The book I needed after baby loss
How grief stopped me from writing - and eventually, led me back to create the story I couldn't find on the shelf
I didn’t set out to write a novel about baby loss. On the contrary, in the years after Poppy died, I couldn’t write at all. It was just too painful.
For the first time in my life, I felt unable to believe in - let alone write - a happy ending. How could I successfully steer a story arc when mine had spun so spectacularly off-track?
I was a writer who couldn’t write. It was like one of those nightmares where you try to run but your legs won’t move - except it wasn’t my legs, it was my fingers and my brain. The tools I had always relied on to process life just… froze.

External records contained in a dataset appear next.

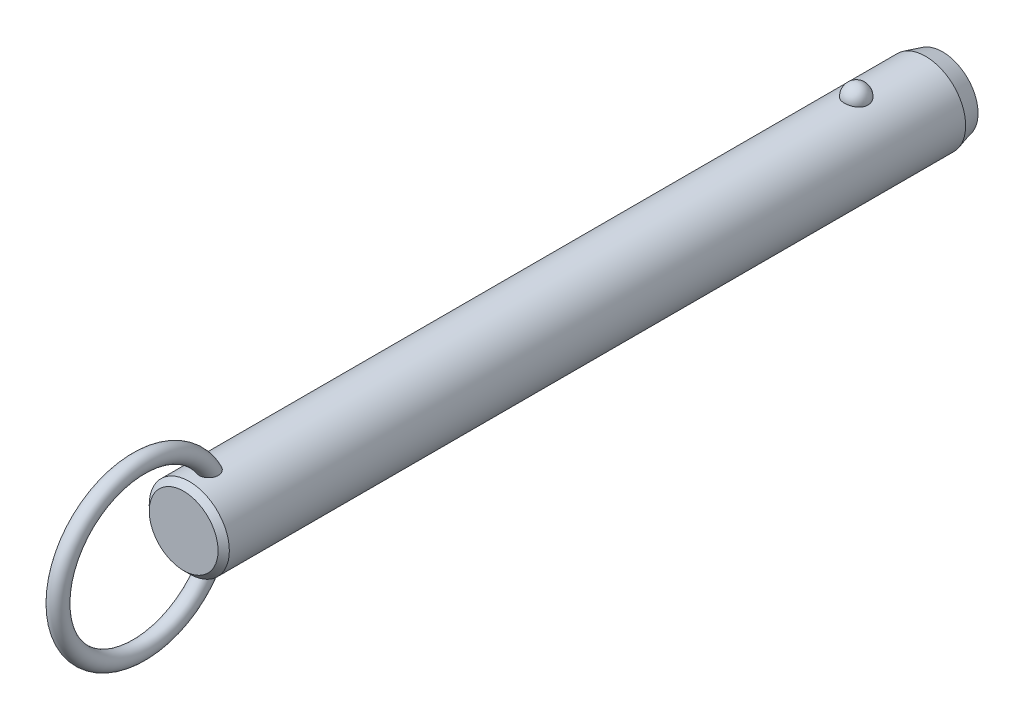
ISO-10303-21;
HEADER;
FILE_DESCRIPTION(('STEP AP214'),'2;1');
FILE_NAME('part.step','',(''),(''),'','','');
FILE_SCHEMA(('AUTOMOTIVE_DESIGN { 1 0 10303 214 1 1 1 1 }'));
ENDSEC;
DATA;
#1=APPLICATION_CONTEXT('core data for automotive mechanical design processes');
#2=APPLICATION_PROTOCOL_DEFINITION('international standard','automotive_design',2000,#1);
#3=PRODUCT_CONTEXT('',#1,'mechanical');
#4=PRODUCT('Part','Part','',(#3));
#5=PRODUCT_RELATED_PRODUCT_CATEGORY('part','',(#4));
#6=PRODUCT_DEFINITION_FORMATION('','',#4);
#7=PRODUCT_DEFINITION_CONTEXT('part definition',#1,'design');
#8=PRODUCT_DEFINITION('design','',#6,#7);
#9=PRODUCT_DEFINITION_SHAPE('','',#8);
#10=(LENGTH_UNIT() NAMED_UNIT(*) SI_UNIT(.MILLI.,.METRE.));
#11=(NAMED_UNIT(*) PLANE_ANGLE_UNIT() SI_UNIT($,.RADIAN.));
#12=(NAMED_UNIT(*) SI_UNIT($,.STERADIAN.) SOLID_ANGLE_UNIT());
#13=UNCERTAINTY_MEASURE_WITH_UNIT(LENGTH_MEASURE(1.E-05),#10,'distance_accuracy_value','');
#14=(GEOMETRIC_REPRESENTATION_CONTEXT(3) GLOBAL_UNCERTAINTY_ASSIGNED_CONTEXT((#13)) GLOBAL_UNIT_ASSIGNED_CONTEXT((#10,
#11,#12)) REPRESENTATION_CONTEXT('',''));
#15=CARTESIAN_POINT('',(0.,0.,0.));
#16=DIRECTION('',(0.,0.,1.));
#17=DIRECTION('',(1.,0.,0.));
#18=AXIS2_PLACEMENT_3D('',#15,#16,#17);
#19=CARTESIAN_POINT('',(0.,0.,109.2));
#20=DIRECTION('',(0.,0.,-1.));
#21=DIRECTION('',(-1.,0.,0.));
#22=AXIS2_PLACEMENT_3D('',#19,#20,#21);
#23=CYLINDRICAL_SURFACE('',#22,7.1);
#24=CARTESIAN_POINT('',(2.0769088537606,6.78943661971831,-2.1));
#25=CARTESIAN_POINT('',(2.07690739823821,6.78943796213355,-1.98268154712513));
#26=CARTESIAN_POINT('',(2.06738130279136,6.79237331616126,-1.86534506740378));
#27=CARTESIAN_POINT('',(2.0295040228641,6.8037853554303,-1.63400788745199));
#28=CARTESIAN_POINT('',(2.00114757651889,6.81226358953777,-1.52000812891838));
#29=CARTESIAN_POINT('',(1.92632025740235,6.83379798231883,-1.29863433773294));
#30=CARTESIAN_POINT('',(1.87985726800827,6.84685214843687,-1.19125744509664));
#31=CARTESIAN_POINT('',(1.76995205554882,6.87608091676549,-0.98604657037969));
#32=CARTESIAN_POINT('',(1.70650980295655,6.8922555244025,-0.88821260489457));
#33=CARTESIAN_POINT('',(1.5638119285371,6.92602930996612,-0.704242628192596));
#34=CARTESIAN_POINT('',(1.4844714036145,6.94363582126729,-0.618173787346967));
#35=CARTESIAN_POINT('',(1.31221746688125,6.97823658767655,-0.460740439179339));
#36=CARTESIAN_POINT('',(1.21930409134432,6.99523084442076,-0.389375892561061));
#37=CARTESIAN_POINT('',(1.02268781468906,7.02666176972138,-0.263547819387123));
#38=CARTESIAN_POINT('',(0.91902009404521,7.04110638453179,-0.209031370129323));
#39=CARTESIAN_POINT('',(0.703548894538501,7.06588726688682,-0.118163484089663));
#40=CARTESIAN_POINT('',(0.591746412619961,7.07622403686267,-0.0818098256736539));
#41=CARTESIAN_POINT('',(0.365557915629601,7.09147068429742,-0.0288711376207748));
#42=CARTESIAN_POINT('',(0.251267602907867,7.09648447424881,-0.0119070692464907));
#43=CARTESIAN_POINT('',(0.0213499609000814,7.10089837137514,0.00304925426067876));
#44=CARTESIAN_POINT('',(-0.0942772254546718,7.10029907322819,0.00104351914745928));
#45=CARTESIAN_POINT('',(-0.321651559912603,7.09360829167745,-0.0216931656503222));
#46=CARTESIAN_POINT('',(-0.433431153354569,7.08760388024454,-0.0421272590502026));
#47=CARTESIAN_POINT('',(-0.651862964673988,7.07086131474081,-0.100729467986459));
#48=CARTESIAN_POINT('',(-0.758515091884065,7.06012307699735,-0.138897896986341));
#49=CARTESIAN_POINT('',(-0.964449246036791,7.03496097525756,-0.232213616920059));
#50=CARTESIAN_POINT('',(-1.06368095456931,7.02051445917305,-0.287465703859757));
#51=CARTESIAN_POINT('',(-1.25145353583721,6.98948740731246,-0.413383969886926));
#52=CARTESIAN_POINT('',(-1.33999321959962,6.97290663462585,-0.48405186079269));
#53=CARTESIAN_POINT('',(-1.50591604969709,6.93898770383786,-0.640594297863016));
#54=CARTESIAN_POINT('',(-1.58302488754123,6.92164094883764,-0.726757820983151));
#55=CARTESIAN_POINT('',(-1.72189320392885,6.8884103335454,-0.91092752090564));
#56=CARTESIAN_POINT('',(-1.78365144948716,6.87252659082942,-1.008934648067));
#57=CARTESIAN_POINT('',(-1.89101272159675,6.84377189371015,-1.21549497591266));
#58=CARTESIAN_POINT('',(-1.93639553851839,6.83094274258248,-1.32416860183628));
#59=CARTESIAN_POINT('',(-2.00874275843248,6.81002070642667,-1.54791500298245));
#60=CARTESIAN_POINT('',(-2.03570774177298,6.80192767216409,-1.66298757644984));
#61=CARTESIAN_POINT('',(-2.07047276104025,6.7914266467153,-1.89571453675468));
#62=CARTESIAN_POINT('',(-2.07835878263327,6.78899315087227,-2.01335491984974));
#63=CARTESIAN_POINT('',(-2.07502083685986,6.79001409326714,-2.24833570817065));
#64=CARTESIAN_POINT('',(-2.06379746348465,6.7934683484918,-2.36567612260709));
#65=CARTESIAN_POINT('',(-2.02263913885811,6.80583442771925,-2.59603194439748));
#66=CARTESIAN_POINT('',(-1.99281127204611,6.81471501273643,-2.70906820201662));
#67=CARTESIAN_POINT('',(-1.91526639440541,6.83691232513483,-2.92836575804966));
#68=CARTESIAN_POINT('',(-1.8675486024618,6.85022924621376,-3.03462676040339));
#69=CARTESIAN_POINT('',(-1.75504492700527,6.87991336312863,-3.23806487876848));
#70=CARTESIAN_POINT('',(-1.69015924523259,6.89629822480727,-3.33518422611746));
#71=CARTESIAN_POINT('',(-1.54505404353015,6.93024852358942,-3.51697105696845));
#72=CARTESIAN_POINT('',(-1.46483385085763,6.94781401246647,-3.60163799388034));
#73=CARTESIAN_POINT('',(-1.29071406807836,6.98225977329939,-3.75654119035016));
#74=CARTESIAN_POINT('',(-1.19675650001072,6.99913673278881,-3.82671308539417));
#75=CARTESIAN_POINT('',(-0.997940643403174,7.03023618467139,-3.9501837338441));
#76=CARTESIAN_POINT('',(-0.89308318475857,7.04445887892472,-4.00348377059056));
#77=CARTESIAN_POINT('',(-0.676902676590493,7.06848365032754,-4.09107242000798));
#78=CARTESIAN_POINT('',(-0.565686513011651,7.0783430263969,-4.12560889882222));
#79=CARTESIAN_POINT('',(-0.338739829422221,7.09282534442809,-4.17575450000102));
#80=CARTESIAN_POINT('',(-0.223009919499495,7.09744899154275,-4.19136617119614));
#81=CARTESIAN_POINT('',(0.00707628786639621,7.10090930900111,-4.20307965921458));
#82=CARTESIAN_POINT('',(0.121410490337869,7.09986531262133,-4.19958377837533));
#83=CARTESIAN_POINT('',(0.347815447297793,7.092380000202,-4.17411564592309));
#84=CARTESIAN_POINT('',(0.459886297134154,7.08593891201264,-4.15214417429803));
#85=CARTESIAN_POINT('',(0.678084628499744,7.06838983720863,-4.09049562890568));
#86=CARTESIAN_POINT('',(0.784237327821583,7.05730369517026,-4.05090137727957));
#87=CARTESIAN_POINT('',(0.988305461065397,7.03163139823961,-3.95511447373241));
#88=CARTESIAN_POINT('',(1.08622031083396,7.01704499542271,-3.89892064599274));
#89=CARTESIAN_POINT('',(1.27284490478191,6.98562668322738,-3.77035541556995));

However, in those early weeks, there was so much I couldn’t do (get out of bed, leave the house, see people, stop crying) that I barely noticed. My first clue was realising that even texting or emailing someone to tell them my baby died was impossible. Hearing it myself was horrific enough. I didn’t want to have to repeat it.
“I was a writer who couldn’t write.”
So, like Sofie in This Wasn’t Meant to Happen, I mostly let my husband share the news. There were simply no words available to me.
The first words
After a few weeks, I started a series of six free counselling sessions with a wonderful baby loss charity called Petals. My counsellor gently encouraged me to write about my experience. She felt it might be helpful to process it in this way, especially when she found out it was what I did for a living. I point-blank refused.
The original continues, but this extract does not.